▶ [Recorded data]:
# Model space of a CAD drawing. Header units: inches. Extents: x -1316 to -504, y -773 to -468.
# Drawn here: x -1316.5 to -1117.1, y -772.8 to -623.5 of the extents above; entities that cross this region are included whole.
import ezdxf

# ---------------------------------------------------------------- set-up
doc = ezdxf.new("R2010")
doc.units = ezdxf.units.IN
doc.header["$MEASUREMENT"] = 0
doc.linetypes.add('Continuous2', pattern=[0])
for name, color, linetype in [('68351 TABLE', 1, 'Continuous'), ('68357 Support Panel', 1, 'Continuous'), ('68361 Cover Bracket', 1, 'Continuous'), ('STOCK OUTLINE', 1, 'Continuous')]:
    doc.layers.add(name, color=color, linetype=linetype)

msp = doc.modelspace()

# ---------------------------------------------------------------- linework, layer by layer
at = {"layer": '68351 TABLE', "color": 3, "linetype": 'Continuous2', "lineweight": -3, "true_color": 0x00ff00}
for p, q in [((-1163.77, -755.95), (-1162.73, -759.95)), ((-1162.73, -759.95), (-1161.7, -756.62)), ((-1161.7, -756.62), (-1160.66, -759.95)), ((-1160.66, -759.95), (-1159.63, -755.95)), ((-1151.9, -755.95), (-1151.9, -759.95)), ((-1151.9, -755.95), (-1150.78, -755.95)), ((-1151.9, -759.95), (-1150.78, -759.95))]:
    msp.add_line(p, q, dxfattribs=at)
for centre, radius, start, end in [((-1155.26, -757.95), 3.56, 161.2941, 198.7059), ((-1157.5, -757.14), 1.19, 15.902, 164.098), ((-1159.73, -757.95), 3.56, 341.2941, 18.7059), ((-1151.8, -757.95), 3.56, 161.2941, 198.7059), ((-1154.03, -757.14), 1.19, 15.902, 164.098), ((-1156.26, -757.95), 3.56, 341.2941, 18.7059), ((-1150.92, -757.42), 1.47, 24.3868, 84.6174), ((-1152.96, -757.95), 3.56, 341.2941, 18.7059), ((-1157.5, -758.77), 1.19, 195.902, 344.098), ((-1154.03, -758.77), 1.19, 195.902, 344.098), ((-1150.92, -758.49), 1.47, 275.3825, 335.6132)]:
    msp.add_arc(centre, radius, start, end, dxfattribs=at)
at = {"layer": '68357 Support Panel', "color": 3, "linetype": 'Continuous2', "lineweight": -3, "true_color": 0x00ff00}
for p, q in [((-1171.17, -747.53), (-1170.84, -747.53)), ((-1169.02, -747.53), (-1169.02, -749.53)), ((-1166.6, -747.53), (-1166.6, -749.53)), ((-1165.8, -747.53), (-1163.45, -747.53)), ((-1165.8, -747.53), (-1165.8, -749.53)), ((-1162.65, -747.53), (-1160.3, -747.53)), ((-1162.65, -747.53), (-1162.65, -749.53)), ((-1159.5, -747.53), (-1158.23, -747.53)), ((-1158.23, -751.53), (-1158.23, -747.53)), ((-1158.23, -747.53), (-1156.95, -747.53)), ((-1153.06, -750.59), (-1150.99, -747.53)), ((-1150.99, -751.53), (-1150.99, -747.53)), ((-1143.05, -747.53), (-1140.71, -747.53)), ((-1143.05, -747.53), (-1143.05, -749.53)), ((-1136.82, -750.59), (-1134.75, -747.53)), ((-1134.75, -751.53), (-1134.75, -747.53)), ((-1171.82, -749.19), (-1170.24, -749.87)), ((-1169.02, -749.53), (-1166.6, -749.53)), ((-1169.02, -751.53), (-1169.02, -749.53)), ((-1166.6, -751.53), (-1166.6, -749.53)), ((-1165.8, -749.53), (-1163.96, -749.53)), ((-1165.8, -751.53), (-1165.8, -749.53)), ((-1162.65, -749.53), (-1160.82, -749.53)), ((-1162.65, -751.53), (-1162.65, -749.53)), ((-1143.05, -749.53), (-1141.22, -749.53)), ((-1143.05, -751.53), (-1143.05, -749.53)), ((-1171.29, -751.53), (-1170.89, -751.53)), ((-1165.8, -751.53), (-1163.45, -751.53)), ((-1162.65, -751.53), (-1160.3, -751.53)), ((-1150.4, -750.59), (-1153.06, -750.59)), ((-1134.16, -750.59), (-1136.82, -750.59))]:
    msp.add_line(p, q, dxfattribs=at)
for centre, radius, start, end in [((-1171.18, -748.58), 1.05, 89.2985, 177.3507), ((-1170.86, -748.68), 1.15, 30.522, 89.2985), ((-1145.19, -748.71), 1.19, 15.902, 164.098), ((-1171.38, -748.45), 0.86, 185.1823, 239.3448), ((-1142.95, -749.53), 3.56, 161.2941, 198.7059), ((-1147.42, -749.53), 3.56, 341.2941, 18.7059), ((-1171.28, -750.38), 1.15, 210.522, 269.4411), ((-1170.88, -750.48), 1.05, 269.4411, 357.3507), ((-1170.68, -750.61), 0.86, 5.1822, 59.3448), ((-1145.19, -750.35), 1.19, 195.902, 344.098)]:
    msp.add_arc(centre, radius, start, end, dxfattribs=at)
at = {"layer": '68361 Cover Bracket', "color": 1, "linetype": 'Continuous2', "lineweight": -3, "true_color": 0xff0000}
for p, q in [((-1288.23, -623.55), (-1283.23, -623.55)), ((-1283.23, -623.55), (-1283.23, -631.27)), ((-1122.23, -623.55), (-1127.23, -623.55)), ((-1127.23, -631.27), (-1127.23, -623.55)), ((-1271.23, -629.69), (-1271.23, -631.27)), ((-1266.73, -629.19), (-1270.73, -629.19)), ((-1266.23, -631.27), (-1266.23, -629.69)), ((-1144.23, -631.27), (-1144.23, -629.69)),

▶ [What you should do]: Keeping each line exactly as it is, retype all of the data.

▶ [Finished exercise]:
# Model space of a CAD drawing. Header units: inches. Extents: x -1316 to -504, y -773 to -468.
# Drawn here: x -1316.5 to -1117.1, y -772.8 to -623.5 of the extents above; entities that cross this region are included whole.
import ezdxf

# ---------------------------------------------------------------- set-up
doc = ezdxf.new("R2010")
doc.units = ezdxf.units.IN
doc.header["$MEASUREMENT"] = 0
doc.linetypes.add('Continuous2', pattern=[0])
for name, color, linetype in [('68351 TABLE', 1, 'Continuous'), ('68357 Support Panel', 1, 'Continuous'), ('68361 Cover Bracket', 1, 'Continuous'), ('STOCK OUTLINE', 1, 'Continuous')]:
    doc.layers.add(name, color=color, linetype=linetype)

msp = doc.modelspace()

# ---------------------------------------------------------------- linework, layer by layer
at = {"layer": '68351 TABLE', "color": 3, "linetype": 'Continuous2', "lineweight": -3, "true_color": 0x00ff00}
for p, q in [((-1163.77, -755.95), (-1162.73, -759.95)), ((-1162.73, -759.95), (-1161.7, -756.62)), ((-1161.7, -756.62), (-1160.66, -759.95)), ((-1160.66, -759.95), (-1159.63, -755.95)), ((-1151.9, -755.95), (-1151.9, -759.95)), ((-1151.9, -755.95), (-1150.78, -755.95)), ((-1151.9, -759.95), (-1150.78, -759.95))]:
    msp.add_line(p, q, dxfattribs=at)
for centre, radius, start, end in [((-1155.26, -757.95), 3.56, 161.2941, 198.7059), ((-1157.5, -757.14), 1.19, 15.902, 164.098), ((-1159.73, -757.95), 3.56, 341.2941, 18.7059), ((-1151.8, -757.95), 3.56, 161.2941, 198.7059), ((-1154.03, -757.14), 1.19, 15.902, 164.098), ((-1156.26, -757.95), 3.56, 341.2941, 18.7059), ((-1150.92, -757.42), 1.47, 24.3868, 84.6174), ((-1152.96, -757.95), 3.56, 341.2941, 18.7059), ((-1157.5, -758.77), 1.19, 195.902, 344.098), ((-1154.03, -758.77), 1.19, 195.902, 344.098), ((-1150.92, -758.49), 1.47, 275.3825, 335.6132)]:
    msp.add_arc(centre, radius, start, end, dxfattribs=at)
at = {"layer": '68357 Support Panel', "color": 3, "linetype": 'Continuous2', "lineweight": -3, "true_color": 0x00ff00}
for p, q in [((-1171.17, -747.53), (-1170.84, -747.53)), ((-1169.02, -747.53), (-1169.02, -749.53)), ((-1166.6, -747.53), (-1166.6, -749.53)), ((-1165.8, -747.53), (-1163.45, -747.53)), ((-1165.8, -747.53), (-1165.8, -749.53)), ((-1162.65, -747.53), (-1160.3, -747.53)), ((-1162.65, -747.53), (-1162.65, -749.53)), ((-1159.5, -747.53), (-1158.23, -747.53)), ((-1158.23, -751.53), (-1158.23, -747.53)), ((-1158.23, -747.53), (-1156.95, -747.53)), ((-1153.06, -750.59), (-1150.99, -747.53)), ((-1150.99, -751.53), (-1150.99, -747.53)), ((-1143.05, -747.53), (-1140.71, -747.53)), ((-1143.05, -747.53), (-1143.05, -749.53)), ((-1136.82, -750.59), (-1134.75, -747.53)), ((-1134.75, -751.53), (-1134.75, -747.53)), ((-1171.82, -749.19), (-1170.24, -749.87)), ((-1169.02, -749.53), (-1166.6, -749.53)), ((-1169.02, -751.53), (-1169.02, -749.53)), ((-1166.6, -751.53), (-1166.6, -749.53)), ((-1165.8, -749.53), (-1163.96, -749.53)), ((-1165.8, -751.53), (-1165.8, -749.53)), ((-1162.65, -749.53), (-1160.82, -749.53)), ((-1162.65, -751.53), (-1162.65, -749.53)), ((-1143.05, -749.53), (-1141.22, -749.53)), ((-1143.05, -751.53), (-1143.05, -749.53)), ((-1171.29, -751.53), (-1170.89, -751.53)), ((-1165.8, -751.53), (-1163.45, -751.53)), ((-1162.65, -751.53), (-1160.3, -751.53)), ((-1150.4, -750.59), (-1153.06, -750.59)), ((-1134.16, -750.59), (-1136.82, -750.59))]:
    msp.add_line(p, q, dxfattribs=at)
for centre, radius, start, end in [((-1171.18, -748.58), 1.05, 89.2985, 177.3507), ((-1170.86, -748.68), 1.15, 30.522, 89.2985), ((-1145.19, -748.71), 1.19, 15.902, 164.098), ((-1171.38, -748.45), 0.86, 185.1823, 239.3448), ((-1142.95, -749.53), 3.56, 161.2941, 198.7059), ((-1147.42, -749.53), 3.56, 341.2941, 18.7059), ((-1171.28, -750.38), 1.15, 210.522, 269.4411), ((-1170.88, -750.48), 1.05, 269.4411, 357.3507), ((-1170.68, -750.61), 0.86, 5.1822, 59.3448), ((-1145.19, -750.35), 1.19, 195.902, 344.098)]:
    msp.add_arc(centre, radius, start, end, dxfattribs=at)
at = {"layer": '68361 Cover Bracket', "color": 1, "linetype": 'Continuous2', "lineweight": -3, "true_color": 0xff0000}
for p, q in [((-1288.23, -623.55), (-1283.23, -623.55)), ((-1283.23, -623.55), (-1283.23, -631.27)), ((-1122.23, -623.55), (-1127.23, -623.55)), ((-1127.23, -631.27), (-1127.23, -623.55)), ((-1271.23, -629.69), (-1271.23, -631.27)), ((-1266.73, -629.19), (-1270.73, -629.19)), ((-1266.23, -631.27), (-1266.23, -629.69)), ((-1144.23, -631.27), (-1144.23, -629.69)),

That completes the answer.